L’indipendenza è una grande conquista. Ho patito la scelta di tagliare il cordone ombelicale che mi legava a Vito, per 12 anni era stato allenatore e pure educatore. Era lui il primo a ripetermi che dopo il liceo un cambiamento sarebbe stato necessario. Quando ti ritrovi nella situazione, quando succede, è una botta emotiva con tanti dubbi. Antonio Satta come allenatore non mi conosceva bene tecnicamente. Una simile rivoluzione proprio l’anno prima delle Olimpiadi è rischiosa. È stato tutto faticoso, pesante. Una scelta ragionata che però mi ha logorato dentro.

A distanza di oltre un anno, la rifarebbe?
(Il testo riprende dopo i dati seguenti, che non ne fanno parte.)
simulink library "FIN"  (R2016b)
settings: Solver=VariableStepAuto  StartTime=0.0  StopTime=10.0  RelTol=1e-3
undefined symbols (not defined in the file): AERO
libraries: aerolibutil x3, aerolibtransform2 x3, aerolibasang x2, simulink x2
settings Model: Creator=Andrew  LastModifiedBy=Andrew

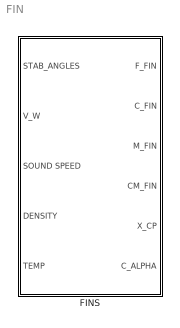
== system FIN ==
  FINS : Subsystem  mask{FIN=AERO.FIN(1)}
      mask prompts: FIN "FIN NUMBER"

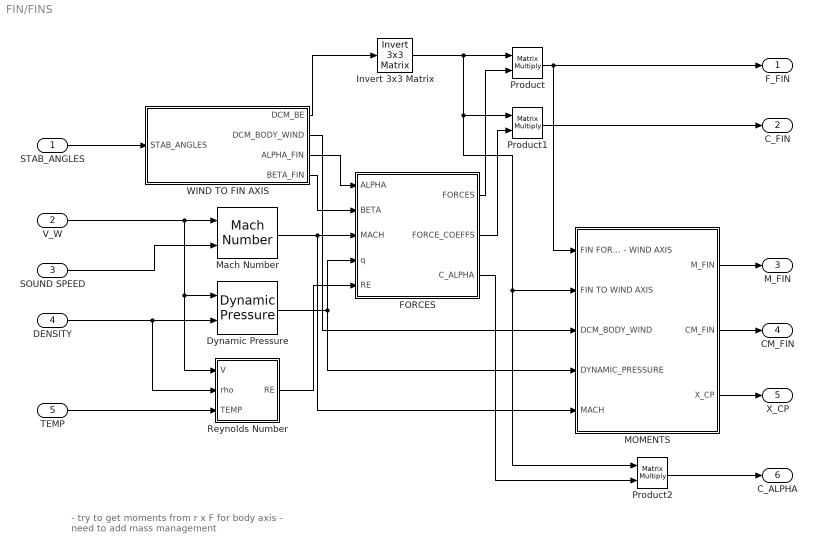
== system FIN/FINS ==
  note: - try to get moments from r x F for body axis
      | - need to add mass management
  STAB_ANGLES : Inport
  V_W : Inport  Port=2
  SOUND SPEED : Inport  Port=3
  DENSITY : Inport  Port=4
  TEMP : Inport  Port=5
  Dynamic Pressure : aerolibasang/Dynamic Pressure
  FORCES : Subsystem
  Invert 3x3 Matrix : aerolibutil/Invert  3x3 Matrix
  MOMENTS : Subsystem
  Mach Number : aerolibasang/Mach Number
  Product : Product  Multiplication=Matrix(*)
  Product1 : Product  Multiplication=Matrix(*)
  Product2 : Product  Multiplication=Matrix(*)
  Reynolds Number : Subsystem
  WIND TO FIN AXIS : Subsystem
  F_FIN : Outport
  C_FIN : Outport  Port=2
  M_FIN : Outport  Port=3
  CM_FIN : Outport  Port=4
  X_CP : Outport  Port=5
  C_ALPHA : Outport  Port=6
  wires:
  DENSITY/1 -> Reynolds Number/2(rho), Dynamic Pressure/2
  V_W/1 -> Reynolds Number/1(V), Dynamic Pressure/1, Mach Number/1
  SOUND SPEED/1 -> Mach Number/2
  Mach Number/1 -> MOMENTS/5(MACH), FORCES/3(MACH)
  Dynamic Pressure/1 -> MOMENTS/4(DYNAMIC_PRESSURE), FORCES/4(q)
  Product1/1 -> C_FIN/1
  WIND TO FIN AXIS/1(DCM_BE) -> Invert 3x3 Matrix/1
  FORCES/1(FORCES) -> Product/2
  FORCES/2(FORCE_COEFFS) -> Product1/2
  STAB_ANGLES/1 -> WIND TO FIN AXIS/1(STAB_ANGLES)
  TEMP/1 -> Reynolds Number/3(TEMP)
  WIND TO FIN AXIS/4(BETA_FIN) -> FORCES/2(BETA)
  WIND TO FIN AXIS/3(ALPHA_FIN) -> FORCES/1(ALPHA)
  Reynolds Number/1(RE) -> FORCES/5(RE)
  MOMENTS/2(CM_FIN) -> CM_FIN/1
  WIND TO FIN AXIS/2(DCM_BODY_WIND) -> MOMENTS/3(DCM_BODY_WIND)
  MOMENTS/1(M_FIN) -> M_FIN/1
  Invert 3x3 Matrix/1 -> MOMENTS/2(FIN TO WIND AXIS), Product2/1, Product1/1, Product/1
  Product/1 -> MOMENTS/1(FIN FORCES - WIND AXIS), F_FIN/1
  MOMENTS/3(X_CP) -> X_CP/1
  Product2/1 -> C_ALPHA/1
  FORCES/3(C_ALPHA) -> Product2/2

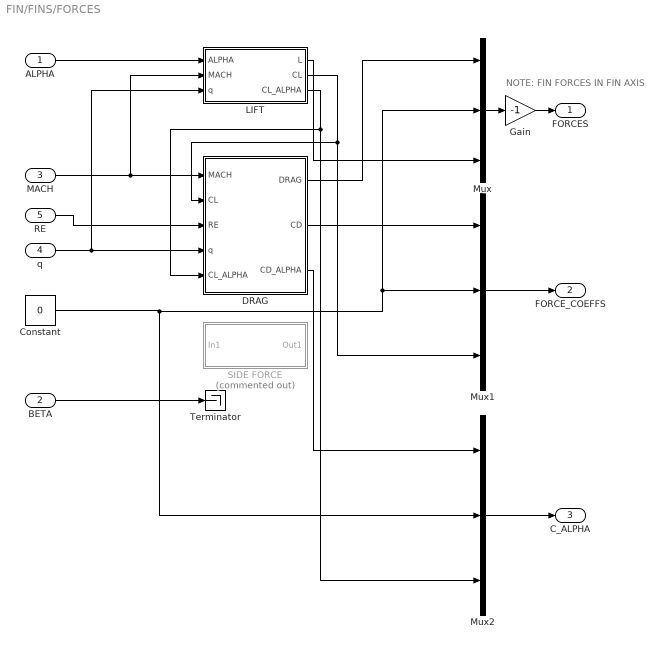
== system FIN/FINS/FORCES ==
  note: NOTE: FIN FORCES IN FIN AXIS
  ALPHA : Inport
  BETA : Inport  Port=2
  MACH : Inport  Port=3
  q : Inport  Port=4
  RE : Inport  Port=5
  Constant : Constant  Value=0
  DRAG : Subsystem
  Gain : Gain  Gain=-1
  LIFT : Subsystem
  Mux : Mux  Inputs=3
  Mux1 : Mux  Inputs=3
  Mux2 : Mux  Inputs=3
  SIDE FORCE : Subsystem  Commented=on
  Terminator : Terminator
  FORCES : Outport
  FORCE_COEFFS : Outport  Port=2
  C_ALPHA : Outport  Port=3
  wires:
  ALPHA/1 -> LIFT/1(ALPHA)
  Mux/1 -> Gain/1
  LIFT/1(L) -> Mux/3
  Mux1/1 -> FORCE_COEFFS/1
  LIFT/2(CL) -> Mux1/3, DRAG/2(CL)
  MACH/1 -> LIFT/2(MACH), DRAG/1(MACH)
  q/1 -> LIFT/3(q), DRAG/4(q)
  DRAG/1(DRAG) -> Mux/1
  DRAG/2(CD) -> Mux1/1
  RE/1 -> DRAG/3(RE)
  BETA/1 -> Terminator/1
  Gain/1 -> FORCES/1
  Constant/1 -> Mux2/2, Mux1/2, Mux/2
  LIFT/3(CL_ALPHA) -> Mux2/3, DRAG/5(CL_ALPHA)
  Mux2/1 -> C_ALPHA/1
  DRAG/3(CD_ALPHA) -> Mux2/1

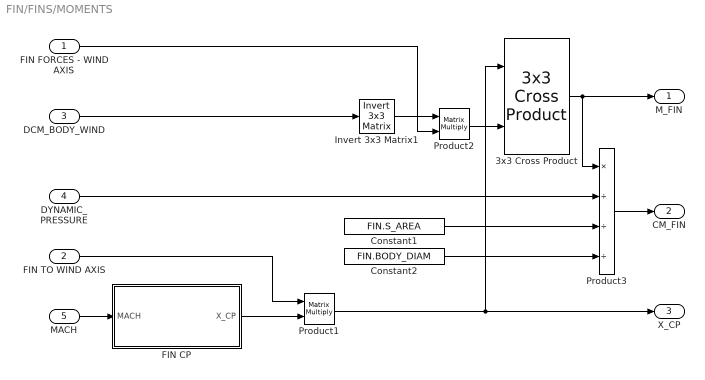
== system FIN/FINS/MOMENTS ==
  FIN FORCES - WIND AXIS : Inport
  FIN TO WIND AXIS : Inport  Port=2
  DCM_BODY_WIND : Inport  Port=3
  DYNAMIC_PRESSURE : Inport  Port=4
  MACH : Inport  Port=5
  3x3 Cross Product : aerolibutil/3x3 Cross Product
  Constant1 : Constant  Value=FIN.S_AREA
  Constant2 : Constant  Value=FIN.BODY_DIAM
  FIN CP : Subsystem
  Invert 3x3 Matrix1 : aerolibutil/Invert  3x3 Matrix
  Product1 : Product  Multiplication=Matrix(*)
  Product2 : Product  Multiplication=Matrix(*)
  Product3 : Product  Inputs=*///
  M_FIN : Outport
  CM_FIN : Outport  Port=2
  X_CP : Outport  Port=3
  wires:
  DCM_BODY_WIND/1 -> Invert 3x3 Matrix1/1
  Product2/1 -> 3x3 Cross Product/2
  Constant2/1 -> Product3/4
  3x3 Cross Product/1 -> M_FIN/1, Product3/1
  Invert 3x3 Matrix1/1 -> Product2/1
  Product3/1 -> CM_FIN/1
  Constant1/1 -> Product3/3
  DYNAMIC_PRESSURE/1 -> Product3/2
  FIN FORCES - WIND AXIS/1 -> Product2/2
  MACH/1 -> FIN CP/1(MACH)
  FIN CP/1(X_CP) -> Product1/2
  FIN TO WIND AXIS/1 -> Product1/1
  Product1/1 -> 3x3 Cross Product/1, X_CP/1

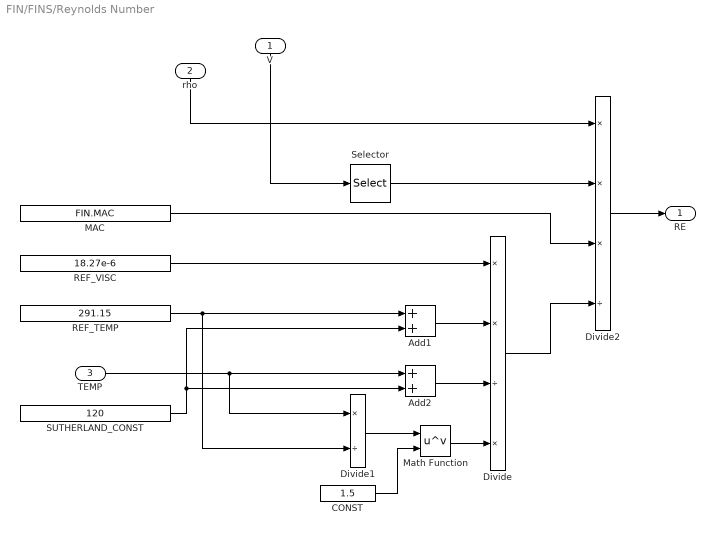
== system FIN/FINS/Reynolds Number ==
  V : Inport
  rho : Inport  Port=2
  TEMP : Inport  Port=3
  Add1 : Sum
  Add2 : Sum
  CONST : Constant  Value=1.5
  Divide : Product  Inputs=**/*
  Divide1 : Product  Inputs=*/
  Divide2 : Product  Inputs=***/
  MAC : Constant  Value=FIN.MAC
  Math Function : Math  Operator=pow  SaturateOnIntegerOverflow=on
  REF_TEMP : Constant  Value=291.15
  REF_VISC : Constant  Value=18.27e-6
  SUTHERLAND_CONST : Constant  Value=120
  Selector : Selector  InputPortWidth=3  IndexOptions=Index vector (dialog)  Indices=[1]  OutputSizes=1
  RE : Outport
  wires:
  Divide1/1 -> Math Function/1
  SUTHERLAND_CONST/1 -> Add1/2, Add2/2
  rho/1 -> Divide2/1
  V/1 -> Selector/1
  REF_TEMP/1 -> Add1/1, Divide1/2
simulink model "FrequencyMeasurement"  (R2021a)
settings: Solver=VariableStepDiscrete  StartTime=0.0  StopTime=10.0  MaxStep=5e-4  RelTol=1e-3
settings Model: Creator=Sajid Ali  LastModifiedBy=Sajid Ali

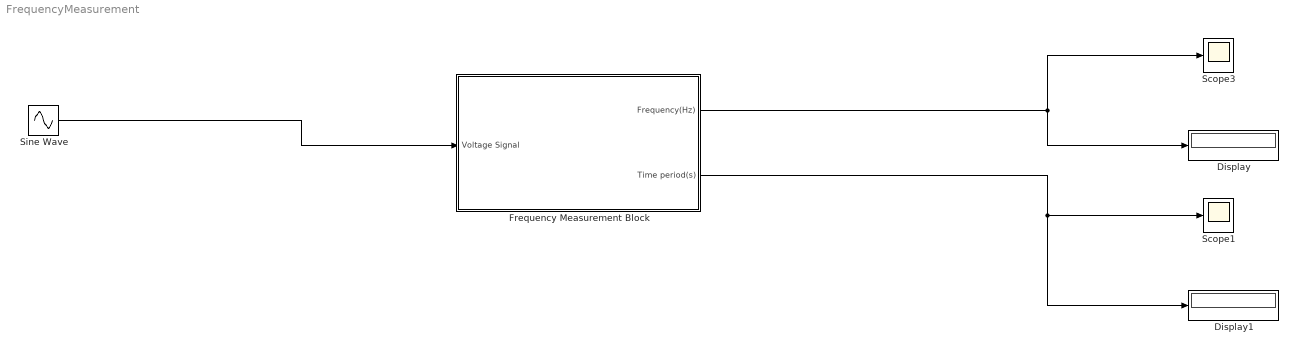
== system FrequencyMeasurement ==
  Display : Display
  Display1 : Display
  Frequency Measurement Block : Subsystem  mask(Frequency measurement by zero Corssing){MinimumFrequncy=47, MaximumFrequency=55}
      mask prompts: MinimumFrequncy "Minimum Frequency (Hz)"; MaximumFrequency "Maximum Frequency (Hz)"
      mask help:
      | This block measures the frquency by zero crossing method. To get accurate Results use fixed step simulation mode.
      | author:
      | Sajid Ali
      | sajid.ali@skyelectric.com
      mask Display: image('C:\Users\Sajid Ali\Pictures\Frequency measurement2.PNG'); % Use "Edit Image" on toolstrip to change.
  Scope1 : Scope
  Scope3 : Scope
  Sine Wave : Sin  Frequency=2*pi*49.01  SampleTime=0
  wires:
  Frequency Measurement Block/1(Frequency(Hz)) -> Scope3/1, Display/1
  Sine Wave/1 -> Frequency Measurement Block/1(Voltage Signal)
  Frequency Measurement Block/2(Time period(s)) -> Display1/1, Scope1/1

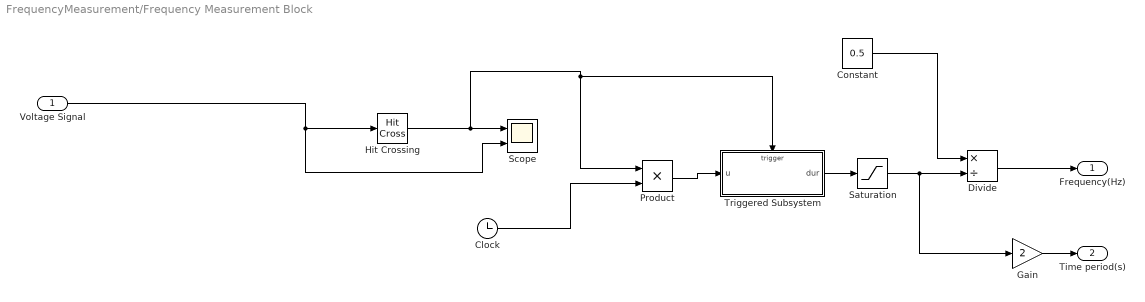
== system FrequencyMeasurement/Frequency Measurement Block ==
  Voltage Signal : Inport
  Clock : Clock
  Constant : Constant  Value=0.5
  Divide : Product  Inputs=*/
  Gain : Gain  Gain=2
  Hit Crossing : HitCross
  Product : Product
  Saturation : Saturate  UpperLimit=1/MinimumFrequncy/2  LowerLimit=1/MaximumFrequency/2
  Scope : Scope  NumInputPorts=2
  Triggered Subsystem : Subsystem  TreatAsAtomicUnit=on
  Frequency(Hz) : Outport
  Time period(s) : Outport  Port=2
  wires:
  Hit Crossing/1 -> Triggered Subsystem/Trigger, Product/1, Scope/1
  Voltage Signal/1 -> Scope/2, Hit Crossing/1
  Saturation/1 -> Gain/1, Divide/2
  Product/1 -> Triggered Subsystem/1(u)
  Triggered Subsystem/1(dur) -> Saturation/1
  Clock/1 -> Product/2
  Constant/1 -> Divide/1
  Divide/1 -> Frequency(Hz)/1
  Gain/1 -> Time period(s)/1

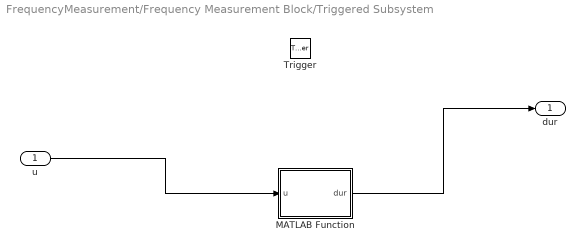
== system FrequencyMeasurement/Frequency Measurement Block/Triggered Subsystem ==
  u : Inport
  Trigger : TriggerPort  VariantControl=(inherit)
  MATLAB Function : MATLAB Function  TreatAsAtomicUnit=on
  dur : Outport
  wires:
  u/1 -> MATLAB Function/1(u)
  MATLAB Function/1(dur) -> dur/1

== matlab function FrequencyMeasurement/Frequency Measurement Block/Triggered Subsystem/MATLAB Function ==
  data: u input; dur output
function dur = fcn(u)
persistent prev;
if isempty(prev)
    prev=0;
end
if (u~=0)
    dur=u-prev;
    prev=u;
else
    dur=0;
end
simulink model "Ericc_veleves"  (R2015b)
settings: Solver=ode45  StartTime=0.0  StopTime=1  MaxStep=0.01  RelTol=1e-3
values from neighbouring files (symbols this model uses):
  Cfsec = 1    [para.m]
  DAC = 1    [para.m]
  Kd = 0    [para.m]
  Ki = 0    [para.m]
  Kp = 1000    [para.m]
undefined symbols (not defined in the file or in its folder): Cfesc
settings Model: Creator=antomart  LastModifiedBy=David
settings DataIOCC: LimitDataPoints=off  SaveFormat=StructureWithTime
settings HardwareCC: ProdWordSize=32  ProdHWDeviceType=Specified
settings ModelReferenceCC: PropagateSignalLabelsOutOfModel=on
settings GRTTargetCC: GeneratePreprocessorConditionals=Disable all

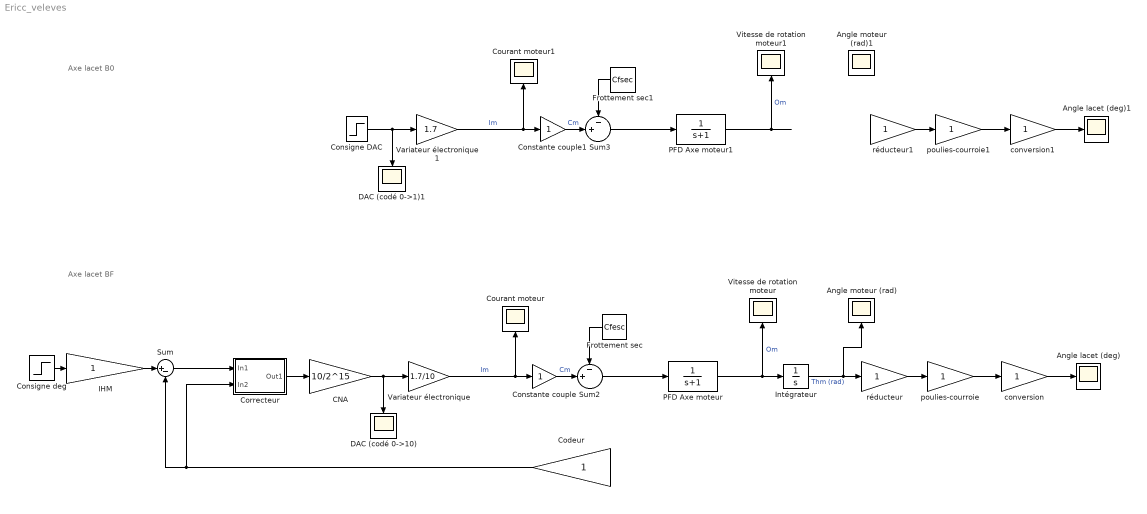
== system Ericc_veleves ==
  note: Axe lacet BF
  note: Axe lacet B0
  Angle moteur (rad) : Scope
  Angle moteur (rad)1 : Scope
  Angle lacet (deg) : Scope
  Angle lacet (deg)1 : Scope
  CNA : Gain  Gain=10/2^15
  Codeur : Gain
  Consigne DAC : Step  Time=0  After=DAC  SampleTime=0
  Consigne deg : Step  Time=0  After=30  SampleTime=0
  Constante couple : Gain
  Constante couple1 : Gain
  Correcteur : Subsystem
  Courant moteur : Scope
  Courant moteur1 : Scope
  DAC (codé 0->1)1 : Scope
  DAC (codé 0->10) : Scope
  Frottement sec : Constant  Value=Cfesc
  Frottement sec1 : Constant  Value=Cfsec
  IHM : Gain
  Intégrateur : Integrator
  PFD Axe moteur : TransferFcn  Denominator=[1 1]
  PFD Axe moteur1 : TransferFcn  Denominator=[1 1]
  Sum : Sum  Inputs=|+-
  Sum2 : Sum  Inputs=-+|
  Sum3 : Sum  Inputs=-+|
  Variateur électronique : Gain  Gain=1.7/10
  Variateur électronique1 : Gain  Gain=1.7
  Vitesse de rotation moteur : Scope
  Vitesse de rotation moteur1 : Scope
  conversion : Gain
  conversion1 : Gain
  poulies-courroie : Gain
  poulies-courroie1 : Gain
  réducteur : Gain
  réducteur1 : Gain
  wires:
  PFD Axe moteur/1 -> Intégrateur/1, Vitesse de rotation moteur/1  "Om"
  Intégrateur/1 -> réducteur/1, Angle moteur (rad)/1  "Thm (rad)"
  réducteur/1 -> poulies-courroie/1
  Sum/1 -> Correcteur/1(In1)
  Correcteur/1(Out1) -> CNA/1
  Consigne deg/1 -> IHM/1
  Codeur/1 -> Correcteur/2(In2), Sum/2
  IHM/1 -> Sum/1
  conversion/1 -> Angle lacet (deg)/1
  Sum2/1 -> PFD Axe moteur/1
  Frottement sec/1 -> Sum2/1
  Constante couple/1 -> Sum2/2  "Cm"
  CNA/1 -> Variateur électronique/1, DAC (codé 0->10)/1
  poulies-courroie/1 -> conversion/1
  Variateur électronique/1 -> Constante couple/1, Courant moteur/1  "Im"
  PFD Axe moteur1/1 -> Vitesse de rotation moteur1/1  "Om"
  ? -> réducteur1/1, Angle moteur (rad)1/1  "Thm (rad)"
  réducteur1/1 -> poulies-courroie1/1
  conversion1/1 -> Angle lacet (deg)1/1
  Sum3/1 -> PFD Axe moteur1/1
  Frottement sec1/1 -> Sum3/1
  Constante couple1/1 -> Sum3/2  "Cm"
  Consigne DAC/1 -> Variateur électronique1/1, DAC (codé 0->1)1/1
  poulies-courroie1/1 -> conversion1/1
  Variateur électronique1/1 -> Constante couple1/1, Courant moteur1/1  "Im"

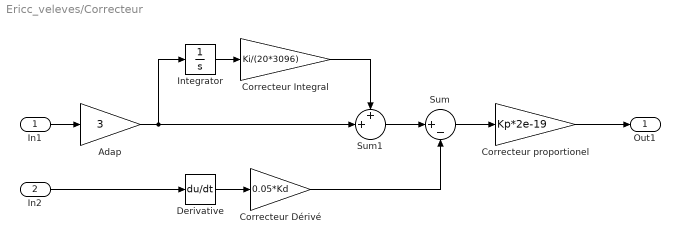
== system Ericc_veleves/Correcteur ==
  In1 : Inport
  In2 : Inport  Port=2
  Adap : Gain  Gain=3
  Correcteur Dérivé : Gain  Gain=0.05*Kd
  Correcteur Integral : Gain  Gain=Ki/(20*3096)
  Correcteur proportionel : Gain  Gain=Kp*2e-19
  Derivative : Derivative
  Integrator : Integrator
  Sum : Sum  Inputs=|+-
  Sum1 : Sum  Inputs=++|
  Out1 : Outport
  wires:
  In1/1 -> Adap/1
  Integrator/1 -> Correcteur Integral/1
  Derivative/1 -> Correcteur Dérivé/1
  Correcteur Dérivé/1 -> Sum/2
  Sum/1 -> Correcteur proportionel/1
  Adap/1 -> Sum1/2, Integrator/1
  Correcteur proportionel/1 -> Out1/1
  In2/1 -> Derivative/1
  Sum1/1 -> Sum/1
  Correcteur Integral/1 -> Sum1/1

Oggi dico che Torino è la scelta migliore che potessi fare. Ho appena comprato casa, mi sono trasferita insieme a un coinquilino, Rocco, che fa parte del mio gruppo di Taranto: una quindicina di amici che si sono trasferiti qui negli ultimi anni per studiare.

Una vita molto intensa. 

C’è il nuoto a cui è dedicata gran parte della giornata. All’Università ho lasciato Biologia, mi sono iscritta a Psicologia. Gli amici sono importanti, nonostante il pressapochismo di qualche commento. 

Commenti sui social?

Magari posto su Instagram una foto dell’unica sera della settimana in cui esco, vestita un po’ presentabile, perché mi piace essere femminile, e mi tocca leggere: Ah, ma questa non si allena più. Ma se mi alleno due volte al giorno? Devo per forza mettere on line la foto di quando esco dalla piscina con la faccia sfatta per far vedere che fatico e che voglio vincere?

C’è una Pilato fragile?

Sono molto sensibile, quindi mi sento fragile in tutto. Magari sembro forte perché faccio di testa mia, mi sono riempita i piedi di tatuaggi e mia mamma non è molto contenta, non ho peli sulla lingua. È perché so difendermi molto bene.

Com’è Benedetta Pilato ventenne?

Una donna serena. E sono anche felice.